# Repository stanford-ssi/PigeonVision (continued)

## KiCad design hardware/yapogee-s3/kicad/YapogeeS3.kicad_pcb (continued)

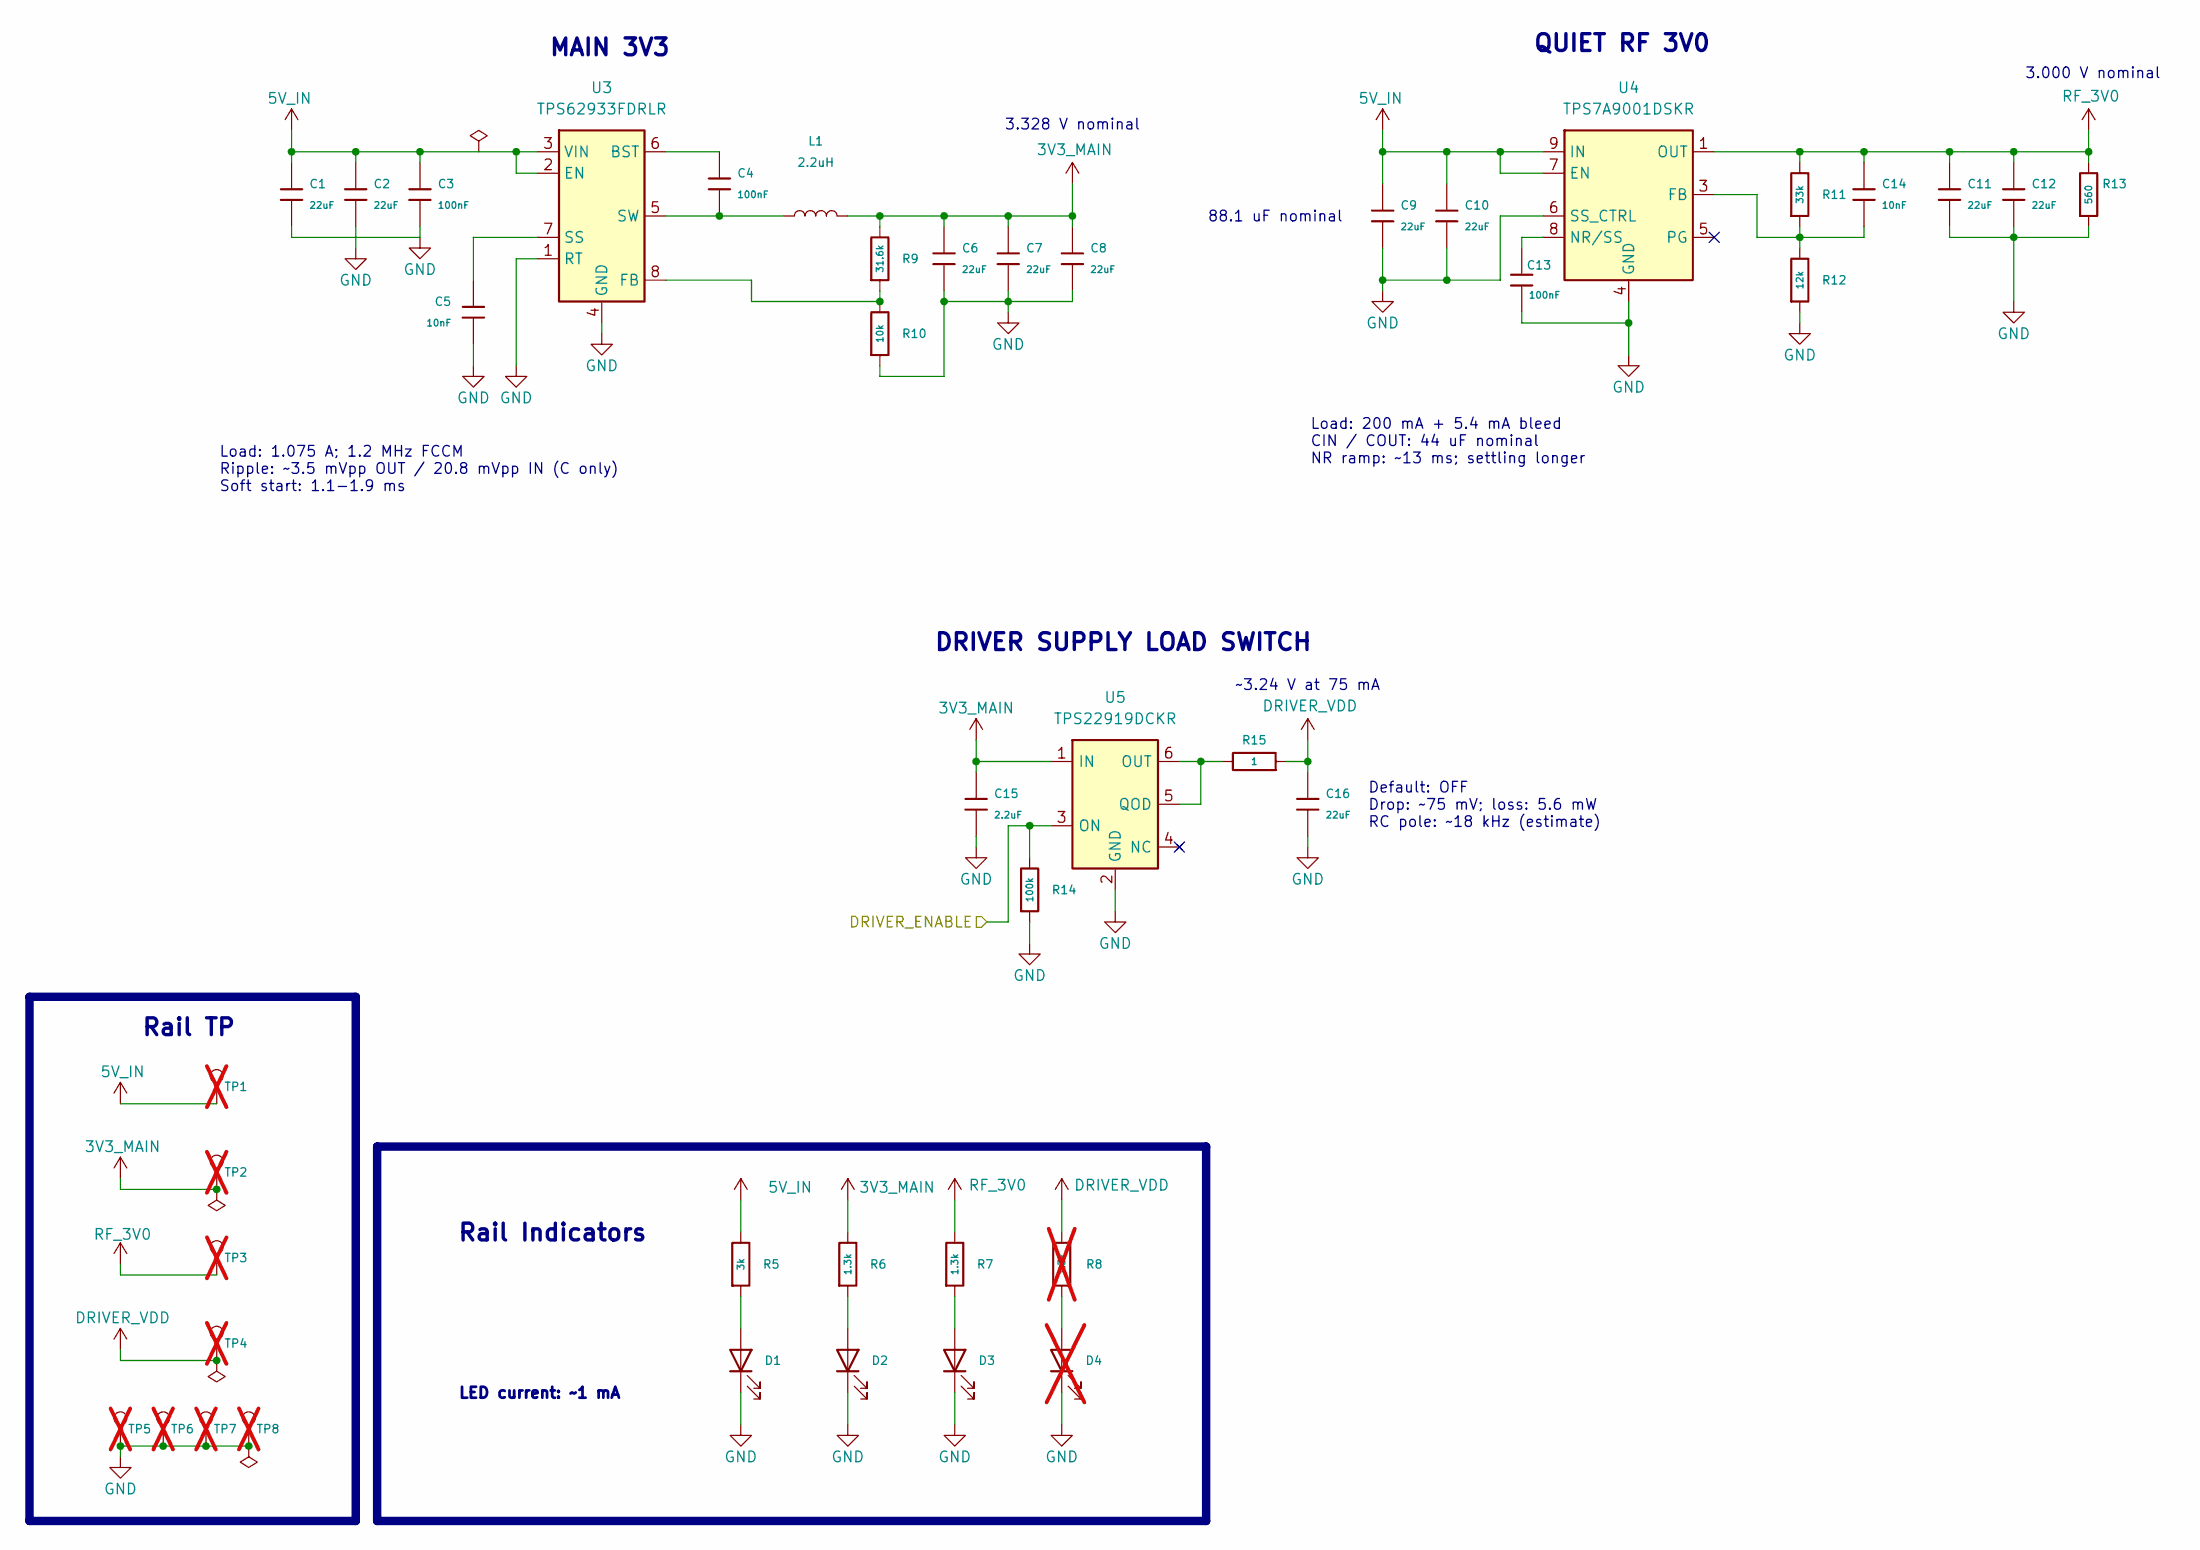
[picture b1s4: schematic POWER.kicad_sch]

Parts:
C1, C2, C6, C7, C8, C9, C10, C11, C12, C16: 22uF; C_Murata_GCM31_3216_RefReflow; Voltage Rated 10V; Tolerance ±10%; MPN GCM31CR71A226KE02L; LCSC C126598
C3, C4, C13: 100nF; C_Murata_GCM15_1005_RefReflow; Voltage Rated 50V; Tolerance ±10%; MPN GCM155R71H104KE02D; LCSC C85858
C5, C14: 10nF; C_Murata_GCM18_1608_RefReflow; Voltage Rated 50V; Tolerance ±5%; MPN GCM1885C1H103JA16D; LCSC C1517789
C15: 2.2uF; C_Kyocera_KAM15_1608_RefReflow; Voltage Rated 10V; Tolerance ±10%; MPN KAM15AR71A225KT; DigiKey Part # 478-KAM15AR71A225KTCT-ND
D1, D2, D3: LTST-C170KGKT; LiteOn_LTST-C170KGKT_0805; MPN LTST-C170KGKT; DigiKey Part # 160-1414-1-ND
D4: LTST-C170KGKT; LiteOn_LTST-C170KGKT_0805; MPN LTST-C170KGKT; DigiKey Part # 160-1414-1-ND; not fitted
L1: 2.2uH; Bourns_SRP5030TA; MPN SRP5030TA-2R2M
R5: 3k; KiCad_Resistor_SMD_R_0402_1005Metric; Tolerance ±1%; Part CRCW04023K00FKED
R6, R7: 1.3k; KiCad_Resistor_SMD_R_0402_1005Metric; Tolerance ±1%; Part CRCW04021K30FKED
R8: 1.3k; KiCad_Resistor_SMD_R_0402_1005Metric; Tolerance ±1%; Part CRCW04021K30FKED; not fitted
R9: 31.6k; KiCad_Resistor_SMD_R_0402_1005Metric; MPN RT0402BRD0731K6L
R10: 10k; KiCad_Resistor_SMD_R_0402_1005Metric; MPN RT0402BRD0710KL
R11: 33k; KiCad_Resistor_SMD_R_0402_1005Metric; MPN RT0402BRD0733KL
R12: 12k; KiCad_Resistor_SMD_R_0402_1005Metric; MPN RT0402BRD0712KL
R13: 560; KiCad_Resistor_SMD_R_0402_1005Metric; MPN RC0402FR-07560RL
R14: 100k; KiCad_Resistor_SMD_R_0402_1005Metric; MPN RC0402FR-07100KL
R15: 1; KiCad_Resistor_SMD_R_0402_1005Metric; MPN CRCW04021R00FKED
TP1: 5V_IN; TestPoint_Pad_D1.0mm; MPN PCB_TEST_PAD_1MM; not fitted
TP2: 3V3_MAIN; TestPoint_Pad_D1.0mm; MPN PCB_TEST_PAD_1MM; not fitted
TP3: RF_3V0; TestPoint_Pad_D1.0mm; MPN PCB_TEST_PAD_1MM; not fitted
TP4: DRIVER_VDD; TestPoint_Pad_D1.0mm; MPN PCB_TEST_PAD_1MM; not fitted
TP5, TP6, TP7, TP8: GND; TestPoint_Pad_D1.0mm; MPN PCB_TEST_PAD_1MM; not fitted
U3: TPS62933FDRLR; SOT-583-8; MPN TPS62933FDRLR; LCSC Part # C5219272
U4: TPS7A9001DSKR; TI_DSK0010A_TPS7A90; MPN TPS7A9001DSKR
U5: TPS22919DCKR; TI_DCK0006A_SC70-6_P0.65mm; MPN TPS22919DCKR; LCSC Part # C2149796

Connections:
3V3_MAIN: C6.1, C7.1, C8.1, C15.1, L1.2, R6.1, R9.1, TP2.1, U5.1 (IN); also elsewhere on the board
5V_IN: C1.1, C2.1, C3.1, C9.1, C10.1, R5.1, TP1.1, U3.2 (EN), U3.3 (VIN), U4.7 (EN), U4.9 (IN), U4.10 (IN); also elsewhere on the board
/MCU/DRIVER_ENABLE: R14.1, U5.3 (ON); also elsewhere on the board
DRIVER_VDD: C16.1, R8.1, R15.2, TP4.1; also elsewhere on the board
GND: C1.2, C2.2, C3.2, C5.2, C6.2, C7.2, C8.2, C9.2, C10.2, C11.2, C12.2, C13.2, C15.2, C16.2, D1.1 (K), D2.1 (K), D3.1 (K), D4.1 (K), R10.2, R12.2, R13.2, R14.2, TP5.1, TP6.1, TP7.1, TP8.1, U3.1 (RT), U3.4 (GND), U4.4 (GND), U4.6 (SS_CTRL), U4.11 (GND), U5.2 (GND); also elsewhere on the board
unnamed: D1.2 (A), R5.2
unnamed: D2.2 (A), R6.2
unnamed: D3.2 (A), R7.2
unnamed: D4.2 (A), R8.2
unnamed: C4.1, U3.6 (BST)
unnamed: R9.2, R10.1, U3.8 (FB)
unnamed: C5.1, U3.7 (SS)
unnamed: C4.2, L1.1, U3.5 (SW)
unnamed: C14.2, R11.2, R12.1, U4.3 (FB)
unnamed: C13.1, U4.8 (NR/SS)
unnamed: R15.1, U5.5 (QOD), U5.6 (OUT)
RF_3V0: C11.1, C12.1, C14.1, R7.1, R11.1, R13.1, TP3.1, U4.1 (OUT), U4.2 (OUT); also elsewhere on the board

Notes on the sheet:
Rail Indicators
88.1 uF nominal
Load: 1.075 A; 1.2 MHz FCCM Ripple: ~3.5 mVpp OUT / 20.8 mVpp IN (C only) Soft start: 1.1-1.9 ms
Rail TP
MAIN 3V3
DRIVER SUPPLY LOAD SWITCH
Load: 200 mA + 5.4 mA bleed CIN / COUT: 44 uF nominal NR ramp: ~13 ms; settling longer
QUIET RF 3V0
3.328 V nominal
~3.24 V at 75 mA
LED current: ~1 mA
3.000 V nominal
Default: OFF Drop: ~75 mV; loss: 5.6 mW RC pole: ~18 kHz (estimate)

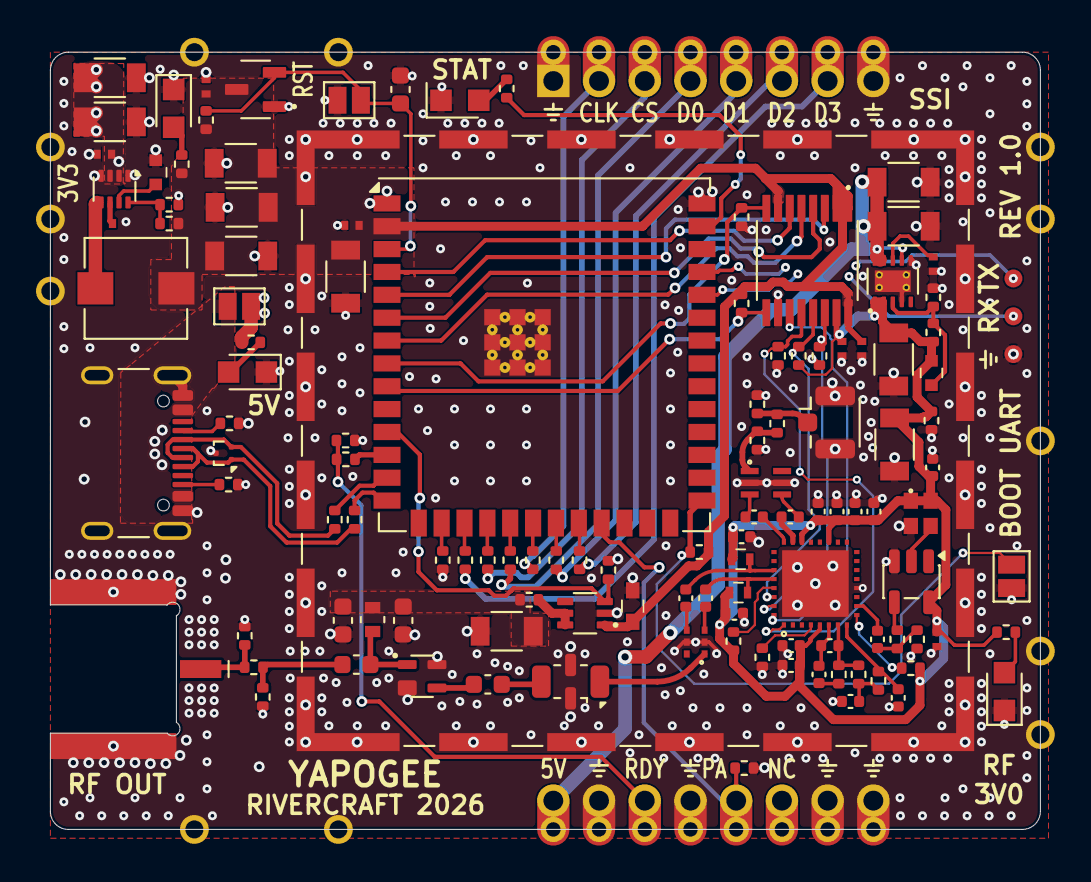
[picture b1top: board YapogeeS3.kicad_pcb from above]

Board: 4 copper layers, 55.0 x 43.2 mm, 124 parts (0 on the bottom side), 83 nets.

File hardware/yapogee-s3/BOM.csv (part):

block,references,quantity,value,manufacturer,mpn,package,population,symbol,footprint,datasheet
MCU,U1,1,"ESP32-S3 module,16MB QSPI flash,8MB octal PSRAM",Espressif,ESP32-S3-WROOM-1U-N16R8,18x19.2mm 40 perimeter pads + GND EP41,Fitted,PigeonVision:ESP32-S3-WROOM-1U-N16R8,PigeonVision:Espressif_ESP32_S3_WROOM_1U_18x19.2mm,https://www.espressif.com/sites/default/files/documentation/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
MCU,C17,1,100nF,Murata,GCM155R71H104KE02D,0402,Fitted,Yapogee_Power:GCM155R71H104KE02D,PigeonVision:C_Murata_GCM15_1005_RefReflow,https://pim.murata.com/asset/pim4/ceramicCapacitorSMD/GCM155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
MCU,C18,1,22uF,Murata,GCM31CR71A226KE02L,1206,Fitted,Yapogee_Power:GCM31CR71A226KE02L,PigeonVision:C_Murata_GCM31_3216_RefReflow,https://www.murata.com/en-us/products/productdetail?partno=G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
MCU,"R16,R17",2,10k,Yageo,RC0402FR-0710KL,0402,Fitted,PigeonVision:RC0402FR-0710KL,PigeonVision:KiCad_Resistor_SMD_R_0402_1005Metric,https://www.yageo.com/en/Chart/Download/pdf/RC0402
MCU,R18,1,10k,Yageo,RC0402FR-0710KL,0402,Fitted,PigeonVision:RC0402FR-0710KL,PigeonVision:KiCad_Resistor_SMD_R_0402_1005Metric,https://www.yageo.com/en/Chart/Download/pdf/RC0402
MCU,C19,1,1uF X7R 16V 10%,TDK,C1608X7R1C105K080AC,0603,Fitted,PigeonVision:C1608X7R1C105K080AC,PigeonVision:KiCad_Capacitor_SMD_C_0603_1608Metric,https://product.tdk.com/en/search/capacitor/ceramic/mlcc/inf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
MCU,U6,1,3.08V reset supervisor 200ms,Texas Instruments,TLV803EA30DBZR,SOT23-3 DBZ,Fitted,PigeonVision:TLV803EA30DBZR,PigeonVision:TI_DBZ0003A_TLV803E,https://www.ti.com/lit/ds/symlink/tlv803e.pdf
MCU,C21,1,100nF,Murata,GCM155R71H104KE02D,0402,Fitted,Yapogee_Power:GCM155R71H104KE02D,PigeonVision:C_Murata_GCM15_1005_RefReflow,https://pim.murata.com/asset/pim4/ceramicCapacitorSMD/GCM155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
USB,J2,1,USB-C2.0 power/data receptacle,GCT,USB4105-GF-A-060,16contact topmount;0.60mm shell stakes,Fitted,PigeonVision:USB4105-GF-A-060,PigeonVision:USB_C_Receptacle_GCT_USB4105_GF_A_16P,https://gct.co/files/drawings/usb4105.pdf
USB,U2,1,2-channel passive USB D+/D− ESD,Texas Instruments,TPD2EUSB30DRTR,"SOT-3 DRT,1.0x0.8mm body",Fitted,Yapogee:TPD2EUSB30DRTR,PigeonVision:TI_DRT0003A_TPD2EUSB30,https://www.ti.com/lit/ds/symlink/tpd2eusb30.pdf
USB,"R3,R4",2,22,Yageo,RC0402FR-0722RL,0402,Fitted,PigeonVision:RC0402FR-0722RL,PigeonVision:KiCad_Resistor_SMD_R_0402_1005Metric,https://www.yageo.com/en/Chart/Download/pdf/RC0402
INTERFACE,U9,1,RF mixer control level isolation,Texas Instruments,SN74AXC4T774PWR,TSSOP16 PW,Fitted,PigeonVision:SN74AXC4T774PWR,PigeonVision:TI_PW0016A_SN74AXC4T774,https://www.ti.com/lit/ds/symlink/sn74axc4t774.pdf
INTERFACE,"C28,C29",2,100nF,Murata,GCM155R71H104KE02D,0402,Fitted,Yapogee_Power:GCM155R71H104KE02D,PigeonVision:C_Murata_GCM15_1005_RefReflow,https://pim.murata.com/asset/pim4/ceramicCapacitorSMD/GCM155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
INTERFACE,R21,1,4.7k,Yageo,RC0402FR-074K7L,0402,Fitted,PigeonVision:RC0402FR-074K7L,PigeonVision:KiCad_Resistor_SMD_R_0402_1005Metric,https://www.yageo.com/en/Chart/Download/pdf/RC0402
INTERFACE,R22,1,10k,Yageo,RC0402FR-0710KL,0402,Fitted,PigeonVision:RC0402FR-0710KL,PigeonVision:KiCad_Resistor_SMD_R_0402_1005Metric,https://www.yageo.com/en/Chart/Download/pdf/RC0402
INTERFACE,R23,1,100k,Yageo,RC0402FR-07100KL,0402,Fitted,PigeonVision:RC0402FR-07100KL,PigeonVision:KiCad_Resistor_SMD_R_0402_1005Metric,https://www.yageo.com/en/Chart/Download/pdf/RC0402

PROBLEM STATEMENT
Only the lines from the start of the material to the line with "U3: TPS62933FDRLR; SOT-583-8;", inclusive, belong in the answer, printed exactly and free of pictures.

RESPONSE
# Repository stanford-ssi/PigeonVision (continued)

## KiCad design hardware/yapogee-s3/kicad/YapogeeS3.kicad_pcb (continued)

[picture b1s4: schematic POWER.kicad_sch]

Parts:
C1, C2, C6, C7, C8, C9, C10, C11, C12, C16: 22uF; C_Murata_GCM31_3216_RefReflow; Voltage Rated 10V; Tolerance ±10%; MPN GCM31CR71A226KE02L; LCSC C126598
C3, C4, C13: 100nF; C_Murata_GCM15_1005_RefReflow; Voltage Rated 50V; Tolerance ±10%; MPN GCM155R71H104KE02D; LCSC C85858
C5, C14: 10nF; C_Murata_GCM18_1608_RefReflow; Voltage Rated 50V; Tolerance ±5%; MPN GCM1885C1H103JA16D; LCSC C1517789
C15: 2.2uF; C_Kyocera_KAM15_1608_RefReflow; Voltage Rated 10V; Tolerance ±10%; MPN KAM15AR71A225KT; DigiKey Part # 478-KAM15AR71A225KTCT-ND
D1, D2, D3: LTST-C170KGKT; LiteOn_LTST-C170KGKT_0805; MPN LTST-C170KGKT; DigiKey Part # 160-1414-1-ND
D4: LTST-C170KGKT; LiteOn_LTST-C170KGKT_0805; MPN LTST-C170KGKT; DigiKey Part # 160-1414-1-ND; not fitted
L1: 2.2uH; Bourns_SRP5030TA; MPN SRP5030TA-2R2M
R5: 3k; KiCad_Resistor_SMD_R_0402_1005Metric; Tolerance ±1%; Part CRCW04023K00FKED
R6, R7: 1.3k; KiCad_Resistor_SMD_R_0402_1005Metric; Tolerance ±1%; Part CRCW04021K30FKED
R8: 1.3k; KiCad_Resistor_SMD_R_0402_1005Metric; Tolerance ±1%; Part CRCW04021K30FKED; not fitted
R9: 31.6k; KiCad_Resistor_SMD_R_0402_1005Metric; MPN RT0402BRD0731K6L
R10: 10k; KiCad_Resistor_SMD_R_0402_1005Metric; MPN RT0402BRD0710KL
R11: 33k; KiCad_Resistor_SMD_R_0402_1005Metric; MPN RT0402BRD0733KL
R12: 12k; KiCad_Resistor_SMD_R_0402_1005Metric; MPN RT0402BRD0712KL
R13: 560; KiCad_Resistor_SMD_R_0402_1005Metric; MPN RC0402FR-07560RL
R14: 100k; KiCad_Resistor_SMD_R_0402_1005Metric; MPN RC0402FR-07100KL
R15: 1; KiCad_Resistor_SMD_R_0402_1005Metric; MPN CRCW04021R00FKED
TP1: 5V_IN; TestPoint_Pad_D1.0mm; MPN PCB_TEST_PAD_1MM; not fitted
TP2: 3V3_MAIN; TestPoint_Pad_D1.0mm; MPN PCB_TEST_PAD_1MM; not fitted
TP3: RF_3V0; TestPoint_Pad_D1.0mm; MPN PCB_TEST_PAD_1MM; not fitted
TP4: DRIVER_VDD; TestPoint_Pad_D1.0mm; MPN PCB_TEST_PAD_1MM; not fitted
TP5, TP6, TP7, TP8: GND; TestPoint_Pad_D1.0mm; MPN PCB_TEST_PAD_1MM; not fitted
U3: TPS62933FDRLR; SOT-583-8; MPN TPS62933FDRLR; LCSC Part # C5219272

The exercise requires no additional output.